According to Wikipedia, bullying is defined as “the use of force, threat, or coercion to abuse, intimidates or aggressively dominates others. The behavior is often repeated and habitual.”  An imbalance of power or a power struggle is a contributing factor in bullying behavior.  The bully is trying to dominate others through verbal or physical attack.  There are several types of bullies defined and motivating factors behind bullying behavior.  All behavior is driven by an unmet need and bullying behavior is no different.  In older adults living in care communities, it is suggested that difficulty adjusting to the care environment may manifest itself in bullying behavior.
~Individuals who suddenly find themselves in a long term care setting, surrounded by individuals with various physical and cognitive deficits, find it difficult to accept they are now a part of this group of people.  In response, they make fun or disparage others with physical or cognitive deficits.  It is their way of saying they are better than these individuals and do not belong in the setting.
~There are those who are not used to sharing their living space with others and are accustomed to living alone and doing what they want, when they want.  Entering a common area and taking over the television without consideration to others or forcing peers to leave “their” seat or table may be examples of territoriality and striving to regain control over their environment.

Care communities are seeing different types of bullying behavior such as:
~Verbal bullying which includes verbal abuse, name calling, taunting, unwanted teasing, sarcastic remarks and even threats.
~Relational Bullying which includes ignoring, spreading gossip or untrue information about a person so others don’t like them and encouraging others to shun the individual.
~Physical bullying which includes actual hitting, slapping or shoving a person but also destroying or stealing an individual’s property.

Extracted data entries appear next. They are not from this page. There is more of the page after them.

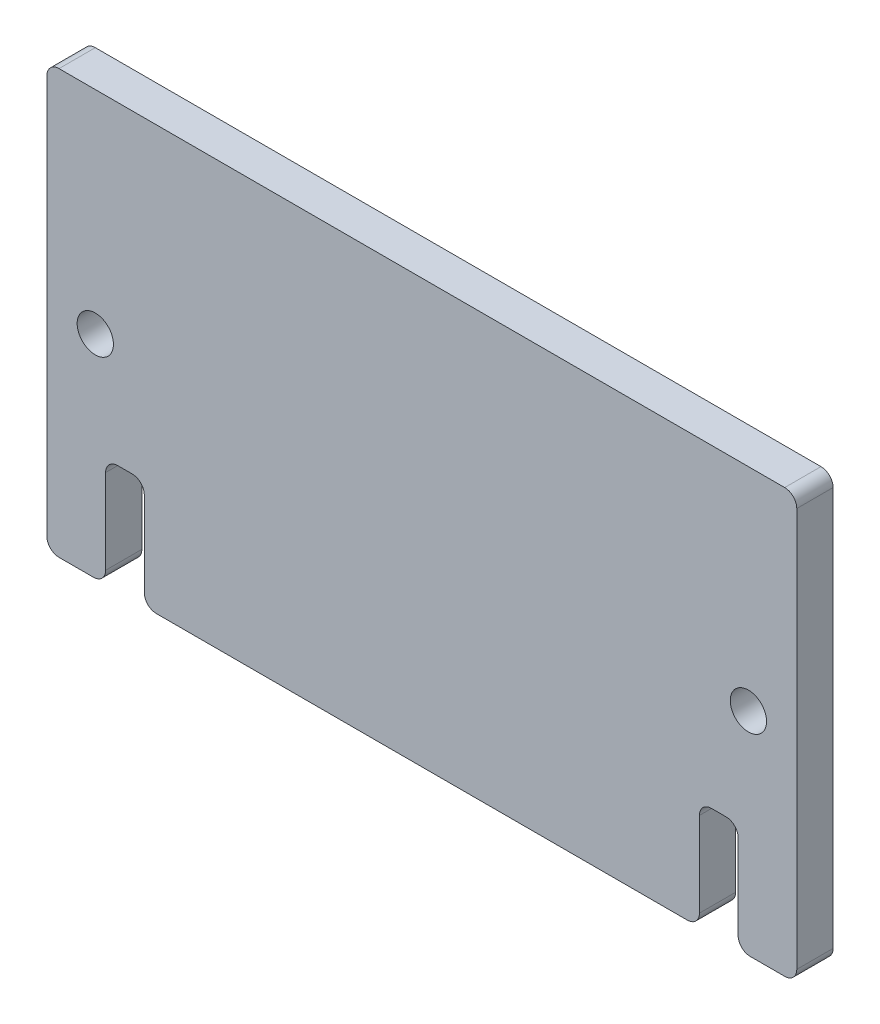
ISO-10303-21;
HEADER;
FILE_DESCRIPTION(('STEP AP214'),'2;1');
FILE_NAME('part.step','',(''),(''),'','','');
FILE_SCHEMA(('AUTOMOTIVE_DESIGN { 1 0 10303 214 1 1 1 1 }'));
ENDSEC;
DATA;
#1=APPLICATION_CONTEXT('core data for automotive mechanical design processes');
#2=APPLICATION_PROTOCOL_DEFINITION('international standard','automotive_design',2000,#1);
#3=PRODUCT_CONTEXT('',#1,'mechanical');
#4=PRODUCT('Part','Part','',(#3));
#5=PRODUCT_RELATED_PRODUCT_CATEGORY('part','',(#4));
#6=PRODUCT_DEFINITION_FORMATION('','',#4);
#7=PRODUCT_DEFINITION_CONTEXT('part definition',#1,'design');
#8=PRODUCT_DEFINITION('design','',#6,#7);
#9=PRODUCT_DEFINITION_SHAPE('','',#8);
#10=(LENGTH_UNIT() NAMED_UNIT(*) SI_UNIT(.MILLI.,.METRE.));
#11=(NAMED_UNIT(*) PLANE_ANGLE_UNIT() SI_UNIT($,.RADIAN.));
#12=(NAMED_UNIT(*) SI_UNIT($,.STERADIAN.) SOLID_ANGLE_UNIT());
#13=UNCERTAINTY_MEASURE_WITH_UNIT(LENGTH_MEASURE(1.E-05),#10,'distance_accuracy_value','');
#14=(GEOMETRIC_REPRESENTATION_CONTEXT(3) GLOBAL_UNCERTAINTY_ASSIGNED_CONTEXT((#13)) GLOBAL_UNIT_ASSIGNED_CONTEXT((#10,
#11,#12)) REPRESENTATION_CONTEXT('',''));
#15=CARTESIAN_POINT('',(0.,0.,0.));
#16=DIRECTION('',(0.,0.,1.));
#17=DIRECTION('',(1.,0.,0.));
#18=AXIS2_PLACEMENT_3D('',#15,#16,#17);
#19=CARTESIAN_POINT('',(0.,0.,3.));
#20=DIRECTION('',(0.,0.,-1.));
#21=DIRECTION('',(-1.,0.,0.));
#22=AXIS2_PLACEMENT_3D('',#19,#20,#21);
#23=PLANE('',#22);
#24=DIRECTION('',(0.,1.,0.));
#25=VECTOR('',#24,1.);
#26=CARTESIAN_POINT('',(31.,-17.5,3.));
#27=LINE('',#26,#25);
#28=CARTESIAN_POINT('',(31.,-16.5,3.));
#29=VERTEX_POINT('',#28);
#30=CARTESIAN_POINT('',(31.,16.5,3.));
#31=VERTEX_POINT('',#30);
#32=EDGE_CURVE('E258',#29,#31,#27,.T.);
#33=ORIENTED_EDGE('',*,*,#32,.T.);
#34=CARTESIAN_POINT('',(30.,16.5,3.));
#35=DIRECTION('',(0.,0.,-1.));
#36=DIRECTION('',(-1.,0.,0.));
#37=AXIS2_PLACEMENT_3D('',#34,#35,#36);
#38=CIRCLE('',#37,1.);
#39=CARTESIAN_POINT('',(30.,17.5,3.));
#40=VERTEX_POINT('',#39);
#41=EDGE_CURVE('E289',#31,#40,#38,.F.);
#42=ORIENTED_EDGE('',*,*,#41,.T.);
#43=DIRECTION('',(-1.,0.,0.));
#44=VECTOR('',#43,1.);
#45=CARTESIAN_POINT('',(-31.,17.5,3.));
#46=LINE('',#45,#44);
#47=CARTESIAN_POINT('',(-30.,17.5,3.));
#48=VERTEX_POINT('',#47);
#49=EDGE_CURVE('E216',#40,#48,#46,.T.);
#50=ORIENTED_EDGE('',*,*,#49,.T.);
#51=CARTESIAN_POINT('',(-30.,16.5,3.));
#52=DIRECTION('',(0.,0.,-1.));
#53=DIRECTION('',(-1.,0.,0.));
#54=AXIS2_PLACEMENT_3D('',#51,#52,#53);
#55=CIRCLE('',#54,1.);
#56=CARTESIAN_POINT('',(-31.,16.5,3.));
#57=VERTEX_POINT('',#56);
#58=EDGE_CURVE('E287',#48,#57,#55,.F.);
#59=ORIENTED_EDGE('',*,*,#58,.T.);
#60=DIRECTION('',(0.,-1.,0.));
#61=VECTOR('',#60,1.);
#62=CARTESIAN_POINT('',(-31.,-17.5,3.));
#63=LINE('',#62,#61);
#64=CARTESIAN_POINT('',(-31.,-16.5,3.));
#65=VERTEX_POINT('',#64);
#66=EDGE_CURVE('E550',#57,#65,#63,.T.);
#67=ORIENTED_EDGE('',*,*,#66,.T.);
#68=CARTESIAN_POINT('',(-30.,-16.5,3.));
#69=DIRECTION('',(0.,0.,-1.));
#70=DIRECTION('',(-1.,0.,0.));
#71=AXIS2_PLACEMENT_3D('',#68,#69,#70);
#72=CIRCLE('',#71,1.);
#73=CARTESIAN_POINT('',(-30.,-17.5,3.));
#74=VERTEX_POINT('',#73);
#75=EDGE_CURVE('E285',#65,#74,#72,.F.);
#76=ORIENTED_EDGE('',*,*,#75,.T.);
#77=DIRECTION('',(1.,0.,0.));
#78=VECTOR('',#77,1.);
#79=CARTESIAN_POINT('',(-31.,-17.5,3.));
#80=LINE('',#79,#78);
#81=CARTESIAN_POINT('',(-27.15,-17.5,3.));
#82=VERTEX_POINT('',#81);
#83=EDGE_CURVE('E378',#74,#82,#80,.T.);
#84=ORIENTED_EDGE('',*,*,#83,.T.);
#85=CARTESIAN_POINT('',(-27.15,-16.5,3.));
#86=DIRECTION('',(0.,0.,-1.));
#87=DIRECTION('',(-1.,0.,0.));
#88=AXIS2_PLACEMENT_3D('',#85,#86,#87);
#89=CIRCLE('',#88,1.);
#90=CARTESIAN_POINT('',(-26.15,-16.5,3.));
#91=VERTEX_POINT('',#90);
#92=EDGE_CURVE('E276',#82,#91,#89,.F.);
#93=ORIENTED_EDGE('',*,*,#92,.T.);
#94=DIRECTION('',(0.,1.,0.));
#95=VECTOR('',#94,1.);
#96=CARTESIAN_POINT('',(-26.15,-17.5,3.));
#97=LINE('',#96,#95);
#98=CARTESIAN_POINT('',(-26.15,-9.50000000000002,3.));
#99=VERTEX_POINT('',#98);
#100=EDGE_CURVE('E369',#91,#99,#97,.T.);
#101=ORIENTED_EDGE('',*,*,#100,.T.);
#102=CARTESIAN_POINT('',(-25.15,-9.50000000000002,3.));
#103=DIRECTION('',(0.,0.,-1.));
#104=DIRECTION('',(-1.,0.,0.));
#105=AXIS2_PLACEMENT_3D('',#102,#103,#104);
#106=CIRCLE('',#105,1.);
#107=CARTESIAN_POINT('',(-25.15,-8.50000000000002,3.));
#108=VERTEX_POINT('',#107);
#109=EDGE_CURVE('E11',#99,#108,#106,.T.);
#110=ORIENTED_EDGE('',*,*,#109,.T.);
#111=DIRECTION('',(1.,0.,0.));
#112=VECTOR('',#111,1.);
#113=CARTESIAN_POINT('',(-26.15,-8.50000000000002,3.));
#114=LINE('',#113,#112);
#115=CARTESIAN_POINT('',(-23.95,-8.50000000000002,3.));
#116=VERTEX_POINT('',#115);
#117=EDGE_CURVE('E367',#108,#116,#114,.T.);
#118=ORIENTED_EDGE('',*,*,#117,.T.);
#119=CARTESIAN_POINT('',(-23.95,-9.50000000000002,3.));
#120=DIRECTION('',(0.,0.,-1.));
#121=DIRECTION('',(-1.,0.,0.));
#122=AXIS2_PLACEMENT_3D('',#119,#120,#121);
#123=CIRCLE('',#122,1.);
#124=CARTESIAN_POINT('',(-22.95,-9.50000000000002,3.));
#125=VERTEX_POINT('',#124);
#126=EDGE_CURVE('E350',#116,#125,#123,.T.);
#127=ORIENTED_EDGE('',*,*,#126,.T.);
#128=DIRECTION('',(0.,-1.,0.));
#129=VECTOR('',#128,1.);
#130=CARTESIAN_POINT('',(-22.95,-8.50000000000002,3.));
#131=LINE('',#130,#129);
#132=CARTESIAN_POINT('',(-22.95,-16.5,3.));
#133=VERTEX_POINT('',#132);
#134=EDGE_CURVE('E373',#125,#133,#131,.T.);
#135=ORIENTED_EDGE('',*,*,#134,.T.);
#136=CARTESIAN_POINT('',(-21.95,-16.5,3.));
#137=DIRECTION('',(0.,0.,-1.));
#138=DIRECTION('',(-1.,0.,0.));
#139=AXIS2_PLACEMENT_3D('',#136,#137,#138);
#140=CIRCLE('',#139,1.);
#141=CARTESIAN_POINT('',(-21.95,-17.5,3.));
#142=VERTEX_POINT('',#141);
#143=EDGE_CURVE('E278',#133,#142,#140,.F.);
#144=ORIENTED_EDGE('',*,*,#143,.T.);
#145=DIRECTION('',(1.,0.,0.));
#146=VECTOR('',#145,1.);
#147=CARTESIAN_POINT('',(-22.95,-17.5,3.));
#148=LINE('',#147,#146);
#149=CARTESIAN_POINT('',(21.95,-17.5,3.));
#150=VERTEX_POINT('',#149);
#151=EDGE_CURVE('E376',#142,#150,#148,.T.);
#152=ORIENTED_EDGE('',*,*,#151,.T.);
#153=CARTESIAN_POINT('',(21.95,-16.5,3.));
#154=DIRECTION('',(0.,0.,-1.));
#155=DIRECTION('',(-1.,0.,0.));
#156=AXIS2_PLACEMENT_3D('',#153,#154,#155);
#157=CIRCLE('',#156,1.);
#158=CARTESIAN_POINT('',(22.95,-16.5,3.));
#159=VERTEX_POINT('',#158);
#160=EDGE_CURVE('E281',#150,#159,#157,.F.);
#161=ORIENTED_EDGE('',*,*,#160,.T.);
#162=DIRECTION('',(0.,1.,0.));
#163=VECTOR('',#162,1.);
#164=CARTESIAN_POINT('',(22.95,-8.50000000000002,3.));
#165=LINE('',#164,#163);
#166=CARTESIAN_POINT('',(22.95,-9.50000000000002,3.));
#167=VERTEX_POINT('',#166);
#168=EDGE_CURVE('E384',#159,#167,#165,.T.);
#169=ORIENTED_EDGE('',*,*,#168,.T.);
#170=CARTESIAN_POINT('',(23.95,-9.50000000000002,3.));
#171=DIRECTION('',(0.,0.,-1.));
#172=DIRECTION('',(-1.,0.,0.));
#173=AXIS2_PLACEMENT_3D('',#170,#171,#172);
#174=CIRCLE('',#173,1.);
#175=CARTESIAN_POINT('',(23.95,-8.50000000000002,3.));
#176=VERTEX_POINT('',#175);
#177=EDGE_CURVE('E346',#167,#176,#174,.T.);
#178=ORIENTED_EDGE('',*,*,#177,.T.);
#179=DIRECTION('',(1.,0.,0.));
#180=VECTOR('',#179,1.);
#181=CARTESIAN_POINT('',(26.15,-8.50000000000002,3.));
#182=LINE('',#181,#180);
#183=CARTESIAN_POINT('',(25.15,-8.50000000000002,3.));
#184=VERTEX_POINT('',#183);
#185=EDGE_CURVE('E387',#176,#184,#182,.T.);
#186=ORIENTED_EDGE('',*,*,#185,.T.);
#187=CARTESIAN_POINT('',(25.15,-9.50000000000002,3.));
#188=DIRECTION('',(0.,0.,-1.));
#189=DIRECTION('',(-1.,0.,0.));
#190=AXIS2_PLACEMENT_3D('',#187,#188,#189);
#191=CIRCLE('',#190,1.);
#192=CARTESIAN_POINT('',(26.15,-9.50000000000002,3.));
#193=VERTEX_POINT('',#192);
#194=EDGE_CURVE('E342',#184,#193,#191,.T.);
#195=ORIENTED_EDGE('',*,*,#194,.T.);
#196=DIRECTION('',(0.,-1.,0.));
#197=VECTOR('',#196,1.);
#198=CARTESIAN_POINT('',(26.15,-17.5,3.));
#199=LINE('',#198,#197);
#200=CARTESIAN_POINT('',(26.15,-16.5,3.));
#201=VERTEX_POINT('',#200);
#202=EDGE_CURVE('E390',#193,#201,#199,.T.);
#203=ORIENTED_EDGE('',*,*,#202,.T.);
#204=CARTESIAN_POINT('',(27.15,-16.5,3.));
#205=DIRECTION('',(0.,0.,-1.));
#206=DIRECTION('',(-1.,0.,0.));
#207=AXIS2_PLACEMENT_3D('',#204,#205,#206);
#208=CIRCLE('',#207,1.);
#209=CARTESIAN_POINT('',(27.15,-17.5,3.));
#210=VERTEX_POINT('',#209);
#211=EDGE_CURVE('E56',#201,#210,#208,.F.);
#212=ORIENTED_EDGE('',*,*,#211,.T.);
#213=DIRECTION('',(1.,0.,0.));
#214=VECTOR('',#213,1.);
#215=CARTESIAN_POINT('',(26.15,-17.5,3.));
#216=LINE('',#215,#214);
#217=CARTESIAN_POINT('',(30.,-17.5,3.));
#218=VERTEX_POINT('',#217);
#219=EDGE_CURVE('E259',#210,#218,#216,.T.);
#220=ORIENTED_EDGE('',*,*,#219,.T.);
#221=CARTESIAN_POINT('',(30.,-16.5,3.));
#222=DIRECTION('',(0.,0.,-1.));
#223=DIRECTION('',(-1.,0.,0.));
#224=AXIS2_PLACEMENT_3D('',#221,#222,#223);
#225=CIRCLE('',#224,1.);
#226=EDGE_CURVE('E283',#218,#29,#225,.F.);
#227=ORIENTED_EDGE('',*,*,#226,.T.);
#228=EDGE_LOOP('',(#33,#42,#50,#59,#67,#76,#84,#93,#101,#110,#118,#127,#135,#144,#152,#161,#169,
#178,#186,#195,#203,#212,#220,#227));
#229=FACE_BOUND('',#228,.T.);
#230=CARTESIAN_POINT('',(-27.,0.,3.));
#231=DIRECTION('',(0.,0.,1.));
#232=DIRECTION('',(1.,0.,0.));
#233=AXIS2_PLACEMENT_3D('',#230,#231,#232);
#234=CIRCLE('',#233,1.5);
#235=CARTESIAN_POINT('',(-25.5,0.,3.));
#236=VERTEX_POINT('',#235);
#237=EDGE_CURVE('E229',#236,#236,#234,.T.);
#238=ORIENTED_EDGE('',*,*,#237,.F.);
#239=EDGE_LOOP('',(#238));
#240=FACE_BOUND('',#239,.T.);
#241=CARTESIAN_POINT('',(27.,0.,3.));
#242=DIRECTION('',(0.,0.,1.));
#243=DIRECTION('',(1.,0.,0.));
#244=AXIS2_PLACEMENT_3D('',#241,#242,#243);
#245=CIRCLE('',#244,1.5);
#246=CARTESIAN_POINT('',(28.5,0.,3.));
#247=VERTEX_POINT('',#246);
#248=EDGE_CURVE('E558',#247,#247,#245,.T.);
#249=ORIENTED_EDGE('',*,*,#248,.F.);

Bullying behavior has negative effects on the care community. It creates a feeling of unrest amongst the entire population, especially when it is observed that nothing is done to protect those being bullied.  Many facilities are developing formal policies and strategies to respond to this growing problem.
~The first strategy is to ensure all residents living in the community feel free to report such behavior and a means to do so in a private way.
~Criteria for what is bullying behavior needs to be defined and shared with staff and residents, to ensure the behavior is identified and addressed.
~Meeting privately with the individual who is demonstrating bullying behavior to identify possible causes for the bullying behavior is an important step.  If it is self-esteem or adjustment issues, additional support should be provided with alternate coping mechanisms introduced.
~Providing the rest of the population with support in responding to the bullying behavior is also necessary.  Introducing the notion that bystanders who observe bullying behavior can diffuse a situation in appropriate ways is helpful.   Means to support those being bullied as opposed to passively watching the bullying behavior can be suggested.  Support groups to introduce specific verbal responses and role play to facilitate practice are helpful.
~Positive team building activities can be introduced throughout the community focusing on embracing diversity, empathy and creating a caring environment can be introduced to both staff and residents. 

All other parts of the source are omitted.